Everyone loves to quote Augustine, and everyone loves to call a position “Augustinian.” When it comes to political theology, Roman Catholics and Anabaptists have both been known to adopt the modifier. He’s radical and orthodox all at once. Augustine teaches us to dramatically transform culture, or he frees us up to be West-coast Straussians. The man contains multitudes, or so they say.
The reality is that Augustine is probably more like a restrained version John Piper.
The two cities are ultimately the elect and the damned. “I also call these two classes the two cities, speaking allegorically,” Augustine says (City of God 15.1). “By two cities I mean two societies of human beings, one of which is predestined to reign with God for all eternity, the other doomed to undergo eternal punishment with the Devil” (ibid). The members of the City of God pass through the City of Man on their way to their final destination, but they never find their true home there, as they know themselves to be pilgrims moving towards another city (15.1; 19.17).
Still, even with this distinction, the City of Man is only accidentally bad. Considered in itself, as a temporal order of life, “it would be incorrect to say that the goods which this city desires are not goods” (15.4). The City of Man becomes bad precisely when it values the temporal goods as ends in and of themselves, when it neglects the higher goods of the City of God and desires earthly goods “as to be considered the only goods, or…more than the goods which are believed to be higher…” (15.4). It is important to notice that Augustine even ranks things like “physical beauty” as “a temporal, carnal good, very low in the scale of goods” (15.22).
While the two classes of men comingle on earth, they can be distinguished by the standard of living which they follow, or the organizing principle which directs their pursuit of the good life (14.1, 4, 9).

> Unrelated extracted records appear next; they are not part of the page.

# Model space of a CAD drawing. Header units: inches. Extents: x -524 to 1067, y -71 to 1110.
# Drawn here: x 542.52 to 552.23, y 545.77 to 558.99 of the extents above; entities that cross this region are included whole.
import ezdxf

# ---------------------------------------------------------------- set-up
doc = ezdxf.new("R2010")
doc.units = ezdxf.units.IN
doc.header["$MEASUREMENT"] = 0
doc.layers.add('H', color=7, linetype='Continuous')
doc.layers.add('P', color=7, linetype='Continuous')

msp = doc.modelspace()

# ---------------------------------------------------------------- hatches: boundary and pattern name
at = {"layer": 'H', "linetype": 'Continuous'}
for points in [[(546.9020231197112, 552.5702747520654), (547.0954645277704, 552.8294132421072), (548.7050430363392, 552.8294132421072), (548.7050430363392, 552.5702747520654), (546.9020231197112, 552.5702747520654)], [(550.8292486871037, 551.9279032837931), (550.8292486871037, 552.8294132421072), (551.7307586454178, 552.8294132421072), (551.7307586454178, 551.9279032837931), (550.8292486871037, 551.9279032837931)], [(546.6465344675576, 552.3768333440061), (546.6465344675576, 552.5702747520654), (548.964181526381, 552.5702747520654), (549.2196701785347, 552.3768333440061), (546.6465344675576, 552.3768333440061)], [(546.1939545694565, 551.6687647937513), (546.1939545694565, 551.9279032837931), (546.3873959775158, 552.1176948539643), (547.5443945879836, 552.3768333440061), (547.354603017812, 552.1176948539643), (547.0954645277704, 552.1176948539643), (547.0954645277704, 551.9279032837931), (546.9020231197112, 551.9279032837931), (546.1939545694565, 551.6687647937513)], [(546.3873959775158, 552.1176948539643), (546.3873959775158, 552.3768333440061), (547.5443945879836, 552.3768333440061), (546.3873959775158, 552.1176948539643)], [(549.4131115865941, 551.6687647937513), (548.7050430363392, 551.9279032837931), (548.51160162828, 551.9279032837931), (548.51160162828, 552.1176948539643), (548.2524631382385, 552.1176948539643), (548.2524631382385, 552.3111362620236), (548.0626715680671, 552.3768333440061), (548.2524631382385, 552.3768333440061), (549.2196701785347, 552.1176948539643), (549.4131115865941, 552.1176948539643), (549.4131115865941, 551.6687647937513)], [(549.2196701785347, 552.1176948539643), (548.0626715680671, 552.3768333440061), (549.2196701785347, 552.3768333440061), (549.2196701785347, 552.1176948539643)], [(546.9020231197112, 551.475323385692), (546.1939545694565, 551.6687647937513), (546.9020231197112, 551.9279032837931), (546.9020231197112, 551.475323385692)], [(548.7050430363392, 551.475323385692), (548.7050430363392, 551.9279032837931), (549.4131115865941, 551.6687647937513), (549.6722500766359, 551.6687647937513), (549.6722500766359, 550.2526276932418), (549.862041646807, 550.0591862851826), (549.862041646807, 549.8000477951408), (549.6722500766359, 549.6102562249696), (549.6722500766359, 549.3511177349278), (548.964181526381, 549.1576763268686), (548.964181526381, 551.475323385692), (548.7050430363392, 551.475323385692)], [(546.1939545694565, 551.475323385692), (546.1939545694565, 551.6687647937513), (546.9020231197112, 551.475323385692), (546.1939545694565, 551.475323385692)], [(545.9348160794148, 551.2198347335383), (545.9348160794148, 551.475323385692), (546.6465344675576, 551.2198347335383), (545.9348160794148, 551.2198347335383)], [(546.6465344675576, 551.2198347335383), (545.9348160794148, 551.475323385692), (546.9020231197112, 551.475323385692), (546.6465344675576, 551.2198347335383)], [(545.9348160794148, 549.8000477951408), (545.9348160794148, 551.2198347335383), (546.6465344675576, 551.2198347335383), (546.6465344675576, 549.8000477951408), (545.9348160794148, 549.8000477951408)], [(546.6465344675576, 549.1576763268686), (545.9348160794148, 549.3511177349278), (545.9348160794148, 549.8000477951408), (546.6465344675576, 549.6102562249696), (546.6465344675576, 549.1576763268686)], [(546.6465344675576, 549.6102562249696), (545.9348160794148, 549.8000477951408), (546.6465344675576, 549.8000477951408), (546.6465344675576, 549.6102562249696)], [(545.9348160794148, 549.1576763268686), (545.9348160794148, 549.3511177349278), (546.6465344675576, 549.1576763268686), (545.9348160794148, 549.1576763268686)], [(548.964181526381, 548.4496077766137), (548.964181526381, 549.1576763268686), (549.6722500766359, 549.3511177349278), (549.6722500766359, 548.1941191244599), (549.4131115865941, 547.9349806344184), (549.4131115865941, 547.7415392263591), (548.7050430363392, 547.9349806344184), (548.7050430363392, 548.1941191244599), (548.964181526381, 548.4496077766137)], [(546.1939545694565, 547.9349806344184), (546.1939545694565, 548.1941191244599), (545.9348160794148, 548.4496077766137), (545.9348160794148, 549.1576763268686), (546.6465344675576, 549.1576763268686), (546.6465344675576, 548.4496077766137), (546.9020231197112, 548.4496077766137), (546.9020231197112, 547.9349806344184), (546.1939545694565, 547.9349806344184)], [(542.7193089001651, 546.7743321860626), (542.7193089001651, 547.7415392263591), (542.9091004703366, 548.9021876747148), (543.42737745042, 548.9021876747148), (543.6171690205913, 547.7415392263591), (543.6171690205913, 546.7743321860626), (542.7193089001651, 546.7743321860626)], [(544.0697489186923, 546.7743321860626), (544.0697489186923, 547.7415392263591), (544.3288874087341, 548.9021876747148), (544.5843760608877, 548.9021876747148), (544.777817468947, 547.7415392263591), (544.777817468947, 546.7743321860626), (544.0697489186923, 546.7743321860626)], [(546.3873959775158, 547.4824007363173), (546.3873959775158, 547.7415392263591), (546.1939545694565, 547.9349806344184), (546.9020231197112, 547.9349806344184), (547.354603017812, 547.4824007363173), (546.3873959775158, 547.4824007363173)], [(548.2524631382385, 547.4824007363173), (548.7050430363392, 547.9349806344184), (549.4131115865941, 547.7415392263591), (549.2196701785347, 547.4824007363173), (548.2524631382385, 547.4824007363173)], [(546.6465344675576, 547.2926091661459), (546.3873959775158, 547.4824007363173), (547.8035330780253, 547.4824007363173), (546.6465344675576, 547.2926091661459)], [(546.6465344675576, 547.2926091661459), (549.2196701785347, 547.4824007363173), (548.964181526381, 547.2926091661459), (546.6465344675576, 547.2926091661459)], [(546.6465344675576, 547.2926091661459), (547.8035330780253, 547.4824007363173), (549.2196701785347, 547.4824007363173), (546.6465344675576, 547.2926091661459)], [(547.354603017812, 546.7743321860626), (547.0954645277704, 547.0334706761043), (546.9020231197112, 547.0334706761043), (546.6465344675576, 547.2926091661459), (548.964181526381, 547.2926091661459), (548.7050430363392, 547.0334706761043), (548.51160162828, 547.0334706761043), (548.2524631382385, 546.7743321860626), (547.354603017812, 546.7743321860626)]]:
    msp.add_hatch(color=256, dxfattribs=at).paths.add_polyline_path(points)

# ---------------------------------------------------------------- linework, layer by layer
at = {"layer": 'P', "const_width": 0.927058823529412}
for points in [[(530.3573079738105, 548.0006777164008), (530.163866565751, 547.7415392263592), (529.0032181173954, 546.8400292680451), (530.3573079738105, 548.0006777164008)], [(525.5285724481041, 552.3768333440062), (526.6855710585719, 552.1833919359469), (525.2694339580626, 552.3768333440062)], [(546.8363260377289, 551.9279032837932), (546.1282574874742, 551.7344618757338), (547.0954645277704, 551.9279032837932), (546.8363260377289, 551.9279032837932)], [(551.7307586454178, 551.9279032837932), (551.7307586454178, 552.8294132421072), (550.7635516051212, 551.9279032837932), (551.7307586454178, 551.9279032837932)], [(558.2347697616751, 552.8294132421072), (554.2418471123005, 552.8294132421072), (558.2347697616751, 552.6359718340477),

The City of Man lives “by the rule of self, that is by the rule of man (14.3). Instead of submitting to God’s law as the standard, members of the City of Man follow after the desires of the flesh, and this is a disordered flesh affected by the Fall. It therefore frequently acts upon the mind and leads it astray. Augustine even applies this to the level of emotions (14.6, 7, 9). This is why the City of Man is characterized by lust and the desire to dominate (preface to Book 1, 5.19, et al.) While members of the City of Man and City of God will live alongside one another, and even in the same earthly polity, their behavior and manner of life will differ in this way. The citizens of the heavenly city will constantly seek to bring about harmony between the spirit and the flesh by submitting their minds to the law of God and subduing their flesh to keep it into conformity. The citizens of the earthly city will be unable to do this, as their minds are in fact slaves to their passions and they mistakenly think the goods of the earthly city are the highest goods and the way to achieve peace and happiness.
From this perspective, Augustine lays out what we now think of as well-worn, perhaps cliché, arguments like being in the world but not of it, and using something in this world as if you were not using it or as if you do not have it. His point is not physical separation but a sort of spiritual detachment. And it’s not so total a detachment as to renounce the thing but rather to relativize it, to see it as less important than the higher spiritual good, to see the things of this world as temporary and destined to be eclipsed. Augustine affirms the pursuit of happiness. “If a man is content with happiness– and in fact man has nothing which he should desire beyond that…” (4.25). But we must understand that true and lasting happiness is only found in God. Thus we subordinate lesser goods to that greater good, precisely to maximize our happiness (19.4, 20). We are made truly happy in this life by the hope of that eternal happiness, and thus our mind grasps that future happiness now, even while our body does not seem to possess it (19.21). This allows Augustine to be able to say something so odd as “Men may have this happiness– or not have it– when they are slaves, or when they are rulers” (4.34). The possession of true happiness may occur even within dramatically mismatched temporal scenarios.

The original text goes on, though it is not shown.